---- Supplied data

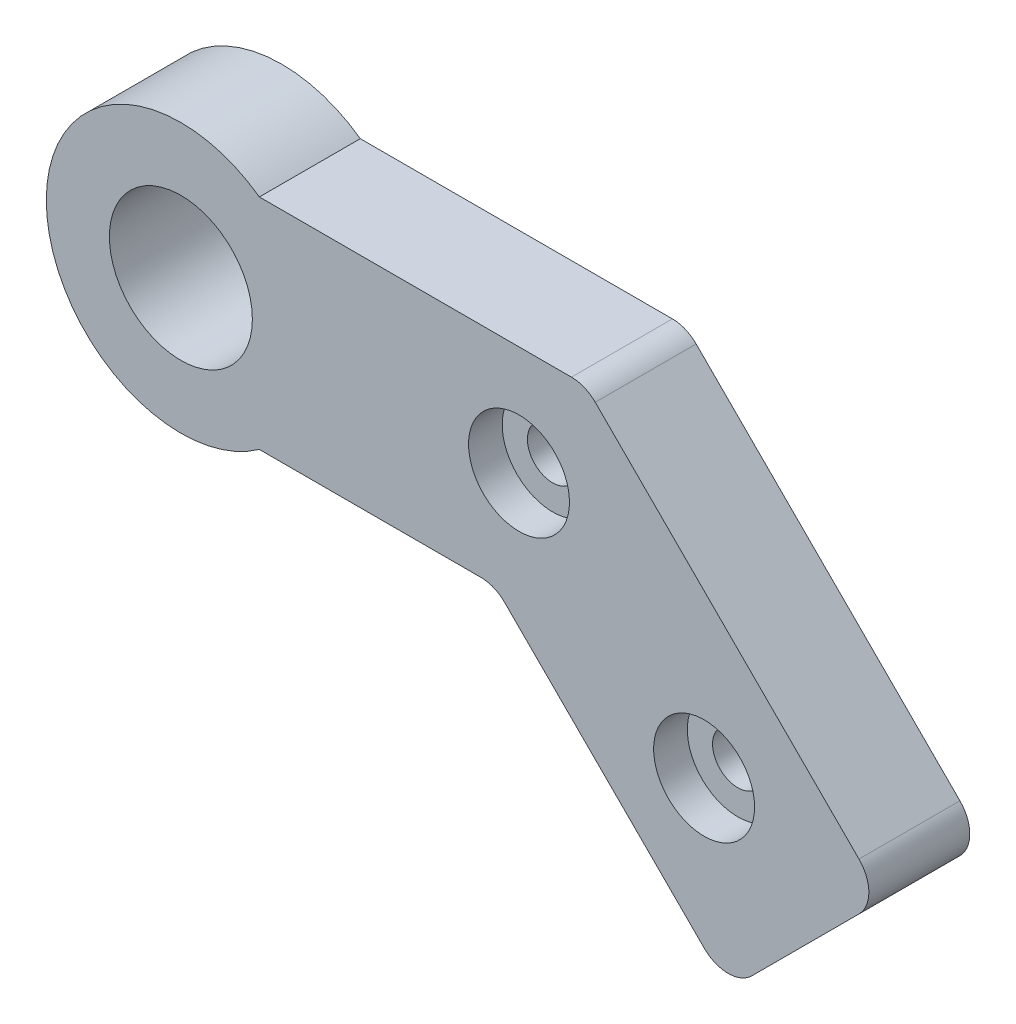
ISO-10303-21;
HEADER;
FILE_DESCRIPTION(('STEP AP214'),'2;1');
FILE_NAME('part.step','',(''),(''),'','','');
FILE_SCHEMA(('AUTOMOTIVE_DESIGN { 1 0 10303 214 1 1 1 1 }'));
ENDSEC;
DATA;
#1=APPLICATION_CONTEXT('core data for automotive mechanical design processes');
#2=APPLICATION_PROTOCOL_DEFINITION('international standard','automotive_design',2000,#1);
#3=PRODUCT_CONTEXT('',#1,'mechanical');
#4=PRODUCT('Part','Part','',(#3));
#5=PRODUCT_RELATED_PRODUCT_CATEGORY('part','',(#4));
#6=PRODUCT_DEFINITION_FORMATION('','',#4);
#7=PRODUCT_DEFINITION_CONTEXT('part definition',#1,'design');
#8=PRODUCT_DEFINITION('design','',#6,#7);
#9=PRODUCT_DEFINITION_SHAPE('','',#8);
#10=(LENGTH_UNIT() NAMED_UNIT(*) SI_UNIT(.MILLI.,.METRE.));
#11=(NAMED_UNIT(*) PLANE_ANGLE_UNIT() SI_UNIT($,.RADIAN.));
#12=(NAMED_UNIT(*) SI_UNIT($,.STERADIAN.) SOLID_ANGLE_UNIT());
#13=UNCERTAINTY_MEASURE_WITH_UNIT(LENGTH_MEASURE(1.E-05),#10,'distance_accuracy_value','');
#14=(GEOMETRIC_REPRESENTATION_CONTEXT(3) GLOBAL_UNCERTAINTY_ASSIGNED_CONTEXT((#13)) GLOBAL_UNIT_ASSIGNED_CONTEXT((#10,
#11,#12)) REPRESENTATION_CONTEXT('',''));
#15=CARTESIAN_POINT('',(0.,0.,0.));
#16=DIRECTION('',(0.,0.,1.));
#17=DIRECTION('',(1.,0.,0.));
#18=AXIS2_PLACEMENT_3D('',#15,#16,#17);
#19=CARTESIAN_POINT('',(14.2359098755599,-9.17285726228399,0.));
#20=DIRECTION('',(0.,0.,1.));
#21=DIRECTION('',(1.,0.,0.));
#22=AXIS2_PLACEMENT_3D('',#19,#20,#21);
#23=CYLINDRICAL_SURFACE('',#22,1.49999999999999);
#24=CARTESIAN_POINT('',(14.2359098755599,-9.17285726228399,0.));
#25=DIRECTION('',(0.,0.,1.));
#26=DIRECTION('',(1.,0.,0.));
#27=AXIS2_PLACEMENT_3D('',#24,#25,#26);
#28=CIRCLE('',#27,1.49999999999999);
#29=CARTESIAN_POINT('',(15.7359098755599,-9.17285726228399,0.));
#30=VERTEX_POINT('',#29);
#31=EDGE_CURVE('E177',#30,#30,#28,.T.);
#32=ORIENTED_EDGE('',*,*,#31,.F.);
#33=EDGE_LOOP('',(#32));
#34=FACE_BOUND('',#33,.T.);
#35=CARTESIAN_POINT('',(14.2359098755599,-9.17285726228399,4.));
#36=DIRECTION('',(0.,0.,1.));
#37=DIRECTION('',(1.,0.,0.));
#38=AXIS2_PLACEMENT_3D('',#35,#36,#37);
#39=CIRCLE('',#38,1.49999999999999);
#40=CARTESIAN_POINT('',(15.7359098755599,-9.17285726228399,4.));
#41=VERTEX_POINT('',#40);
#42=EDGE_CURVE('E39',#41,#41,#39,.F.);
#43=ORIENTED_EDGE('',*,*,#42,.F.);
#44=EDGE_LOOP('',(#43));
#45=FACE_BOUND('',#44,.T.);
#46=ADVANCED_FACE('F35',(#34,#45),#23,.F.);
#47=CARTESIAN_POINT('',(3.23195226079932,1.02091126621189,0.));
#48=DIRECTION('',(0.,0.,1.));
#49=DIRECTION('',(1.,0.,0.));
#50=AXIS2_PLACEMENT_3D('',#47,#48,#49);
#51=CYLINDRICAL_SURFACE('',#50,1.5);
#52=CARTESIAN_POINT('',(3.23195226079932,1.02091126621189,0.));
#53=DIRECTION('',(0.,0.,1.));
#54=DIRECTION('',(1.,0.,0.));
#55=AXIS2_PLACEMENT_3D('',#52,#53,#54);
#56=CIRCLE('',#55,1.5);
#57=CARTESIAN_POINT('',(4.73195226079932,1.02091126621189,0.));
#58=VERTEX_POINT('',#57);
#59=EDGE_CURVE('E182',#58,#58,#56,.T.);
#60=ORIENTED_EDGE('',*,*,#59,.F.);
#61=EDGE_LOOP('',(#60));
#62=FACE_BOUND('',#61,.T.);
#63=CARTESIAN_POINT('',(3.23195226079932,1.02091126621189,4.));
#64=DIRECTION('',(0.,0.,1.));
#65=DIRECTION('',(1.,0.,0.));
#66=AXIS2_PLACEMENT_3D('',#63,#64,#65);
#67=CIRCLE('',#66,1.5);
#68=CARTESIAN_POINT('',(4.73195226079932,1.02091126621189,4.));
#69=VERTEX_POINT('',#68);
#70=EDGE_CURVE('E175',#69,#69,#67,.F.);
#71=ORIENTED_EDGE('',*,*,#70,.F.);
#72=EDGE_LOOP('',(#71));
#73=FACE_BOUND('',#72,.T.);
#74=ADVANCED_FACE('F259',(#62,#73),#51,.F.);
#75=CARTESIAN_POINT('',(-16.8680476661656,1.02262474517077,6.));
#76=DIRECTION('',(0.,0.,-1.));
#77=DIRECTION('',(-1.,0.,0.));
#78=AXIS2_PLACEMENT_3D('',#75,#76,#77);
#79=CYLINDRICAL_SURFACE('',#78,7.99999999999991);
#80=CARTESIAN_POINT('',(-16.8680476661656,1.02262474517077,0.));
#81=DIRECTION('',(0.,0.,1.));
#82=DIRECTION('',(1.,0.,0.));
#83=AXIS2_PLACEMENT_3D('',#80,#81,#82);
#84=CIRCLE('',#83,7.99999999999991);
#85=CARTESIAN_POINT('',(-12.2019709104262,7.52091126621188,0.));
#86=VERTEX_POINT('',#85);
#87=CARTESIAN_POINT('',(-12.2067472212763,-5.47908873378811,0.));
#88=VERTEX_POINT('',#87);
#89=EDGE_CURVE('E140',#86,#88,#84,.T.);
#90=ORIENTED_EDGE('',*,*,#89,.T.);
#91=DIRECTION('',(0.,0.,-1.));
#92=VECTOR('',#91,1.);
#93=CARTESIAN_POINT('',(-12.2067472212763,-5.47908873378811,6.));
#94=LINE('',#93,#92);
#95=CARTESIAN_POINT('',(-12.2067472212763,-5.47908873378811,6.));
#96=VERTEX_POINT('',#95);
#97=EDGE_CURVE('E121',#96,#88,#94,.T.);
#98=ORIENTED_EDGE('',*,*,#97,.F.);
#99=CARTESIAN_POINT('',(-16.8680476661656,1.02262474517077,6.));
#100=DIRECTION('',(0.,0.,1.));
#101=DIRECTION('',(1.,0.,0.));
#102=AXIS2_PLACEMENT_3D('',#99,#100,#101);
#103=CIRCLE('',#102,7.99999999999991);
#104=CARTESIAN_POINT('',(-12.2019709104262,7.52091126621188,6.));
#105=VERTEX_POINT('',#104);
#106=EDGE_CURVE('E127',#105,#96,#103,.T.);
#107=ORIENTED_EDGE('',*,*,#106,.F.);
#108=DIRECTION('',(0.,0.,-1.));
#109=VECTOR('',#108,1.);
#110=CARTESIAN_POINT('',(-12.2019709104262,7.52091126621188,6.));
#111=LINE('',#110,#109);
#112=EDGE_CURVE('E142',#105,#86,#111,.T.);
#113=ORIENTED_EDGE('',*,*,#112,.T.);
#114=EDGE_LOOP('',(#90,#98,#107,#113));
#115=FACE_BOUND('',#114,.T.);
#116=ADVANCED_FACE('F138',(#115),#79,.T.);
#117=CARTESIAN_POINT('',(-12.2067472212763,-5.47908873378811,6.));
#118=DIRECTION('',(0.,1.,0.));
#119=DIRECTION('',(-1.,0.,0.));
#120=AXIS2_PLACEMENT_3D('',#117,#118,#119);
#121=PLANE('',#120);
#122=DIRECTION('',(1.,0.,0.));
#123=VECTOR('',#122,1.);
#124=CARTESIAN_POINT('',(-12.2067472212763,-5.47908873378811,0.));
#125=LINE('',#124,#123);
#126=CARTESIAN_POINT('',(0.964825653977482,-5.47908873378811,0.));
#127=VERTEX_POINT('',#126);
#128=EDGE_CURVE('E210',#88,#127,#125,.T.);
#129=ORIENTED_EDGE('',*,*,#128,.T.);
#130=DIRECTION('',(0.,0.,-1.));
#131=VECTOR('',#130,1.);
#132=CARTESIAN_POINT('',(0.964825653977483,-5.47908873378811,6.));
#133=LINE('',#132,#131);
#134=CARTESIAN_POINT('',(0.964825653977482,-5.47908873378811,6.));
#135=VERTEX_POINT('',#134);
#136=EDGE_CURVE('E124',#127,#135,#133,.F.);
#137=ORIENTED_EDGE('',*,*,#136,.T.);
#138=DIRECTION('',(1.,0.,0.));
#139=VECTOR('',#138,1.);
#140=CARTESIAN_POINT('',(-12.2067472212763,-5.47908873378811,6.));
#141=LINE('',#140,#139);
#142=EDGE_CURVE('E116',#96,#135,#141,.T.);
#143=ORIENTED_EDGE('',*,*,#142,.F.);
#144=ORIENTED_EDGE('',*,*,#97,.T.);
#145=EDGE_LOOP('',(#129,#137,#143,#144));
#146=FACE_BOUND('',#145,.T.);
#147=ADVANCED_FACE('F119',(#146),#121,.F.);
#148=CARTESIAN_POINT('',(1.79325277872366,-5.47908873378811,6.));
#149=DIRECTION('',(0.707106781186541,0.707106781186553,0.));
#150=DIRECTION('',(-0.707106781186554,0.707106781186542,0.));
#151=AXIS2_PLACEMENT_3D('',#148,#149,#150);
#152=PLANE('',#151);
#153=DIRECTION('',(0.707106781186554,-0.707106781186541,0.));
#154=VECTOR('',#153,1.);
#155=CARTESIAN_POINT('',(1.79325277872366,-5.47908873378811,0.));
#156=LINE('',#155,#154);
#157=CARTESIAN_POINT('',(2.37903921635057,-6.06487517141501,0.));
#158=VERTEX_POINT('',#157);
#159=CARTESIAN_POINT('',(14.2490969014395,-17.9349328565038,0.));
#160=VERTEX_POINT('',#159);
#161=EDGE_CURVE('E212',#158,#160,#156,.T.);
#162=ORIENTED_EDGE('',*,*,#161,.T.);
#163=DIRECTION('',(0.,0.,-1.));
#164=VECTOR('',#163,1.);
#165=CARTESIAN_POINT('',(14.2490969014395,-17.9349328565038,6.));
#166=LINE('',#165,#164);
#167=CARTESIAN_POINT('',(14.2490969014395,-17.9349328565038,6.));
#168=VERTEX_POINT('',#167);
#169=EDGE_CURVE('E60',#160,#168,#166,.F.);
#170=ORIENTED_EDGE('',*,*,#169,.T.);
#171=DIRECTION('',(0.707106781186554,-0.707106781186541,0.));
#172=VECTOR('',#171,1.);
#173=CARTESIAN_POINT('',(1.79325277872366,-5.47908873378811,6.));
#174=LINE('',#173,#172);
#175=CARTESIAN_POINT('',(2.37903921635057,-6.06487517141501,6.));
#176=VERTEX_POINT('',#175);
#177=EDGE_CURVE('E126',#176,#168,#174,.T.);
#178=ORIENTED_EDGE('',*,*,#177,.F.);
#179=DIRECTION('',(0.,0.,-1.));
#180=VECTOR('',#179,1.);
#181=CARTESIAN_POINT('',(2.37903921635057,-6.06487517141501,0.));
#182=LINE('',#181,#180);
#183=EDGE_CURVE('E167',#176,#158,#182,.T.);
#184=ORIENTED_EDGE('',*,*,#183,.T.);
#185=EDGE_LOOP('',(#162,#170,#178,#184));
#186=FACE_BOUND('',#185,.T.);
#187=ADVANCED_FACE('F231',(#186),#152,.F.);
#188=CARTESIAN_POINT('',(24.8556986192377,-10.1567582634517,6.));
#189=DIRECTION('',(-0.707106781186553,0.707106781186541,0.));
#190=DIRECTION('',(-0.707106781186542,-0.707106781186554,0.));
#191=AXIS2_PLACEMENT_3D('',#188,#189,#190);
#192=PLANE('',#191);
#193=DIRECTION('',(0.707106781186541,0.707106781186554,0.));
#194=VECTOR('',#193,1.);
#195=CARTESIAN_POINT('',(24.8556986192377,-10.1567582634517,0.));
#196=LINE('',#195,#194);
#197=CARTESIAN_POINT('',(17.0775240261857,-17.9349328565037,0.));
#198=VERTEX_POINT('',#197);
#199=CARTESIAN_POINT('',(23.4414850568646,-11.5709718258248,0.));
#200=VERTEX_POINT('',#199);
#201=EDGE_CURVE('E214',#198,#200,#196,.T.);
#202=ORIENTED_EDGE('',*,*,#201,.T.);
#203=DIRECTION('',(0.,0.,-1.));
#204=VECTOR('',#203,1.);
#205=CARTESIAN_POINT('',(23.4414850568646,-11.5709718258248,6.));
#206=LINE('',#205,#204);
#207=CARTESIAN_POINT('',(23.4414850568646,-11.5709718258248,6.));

--------

» **Problem description**:
Here the output must be the lines above from the line with "#76=DIRECTION('',(0.,0.,-1.));" to the line with "#98=ORIENTED_EDGE('',*,*,#97,.F.);", both included, duplicated word for word and nothing else.

» **Result for this task**:
#76=DIRECTION('',(0.,0.,-1.));
#77=DIRECTION('',(-1.,0.,0.));
#78=AXIS2_PLACEMENT_3D('',#75,#76,#77);
#79=CYLINDRICAL_SURFACE('',#78,7.99999999999991);
#80=CARTESIAN_POINT('',(-16.8680476661656,1.02262474517077,0.));
#81=DIRECTION('',(0.,0.,1.));
#82=DIRECTION('',(1.,0.,0.));
#83=AXIS2_PLACEMENT_3D('',#80,#81,#82);
#84=CIRCLE('',#83,7.99999999999991);
#85=CARTESIAN_POINT('',(-12.2019709104262,7.52091126621188,0.));
#86=VERTEX_POINT('',#85);
#87=CARTESIAN_POINT('',(-12.2067472212763,-5.47908873378811,0.));
#88=VERTEX_POINT('',#87);
#89=EDGE_CURVE('E140',#86,#88,#84,.T.);
#90=ORIENTED_EDGE('',*,*,#89,.T.);
#91=DIRECTION('',(0.,0.,-1.));
#92=VECTOR('',#91,1.);
#93=CARTESIAN_POINT('',(-12.2067472212763,-5.47908873378811,6.));
#94=LINE('',#93,#92);
#95=CARTESIAN_POINT('',(-12.2067472212763,-5.47908873378811,6.));
#96=VERTEX_POINT('',#95);
#97=EDGE_CURVE('E121',#96,#88,#94,.T.);
#98=ORIENTED_EDGE('',*,*,#97,.F.);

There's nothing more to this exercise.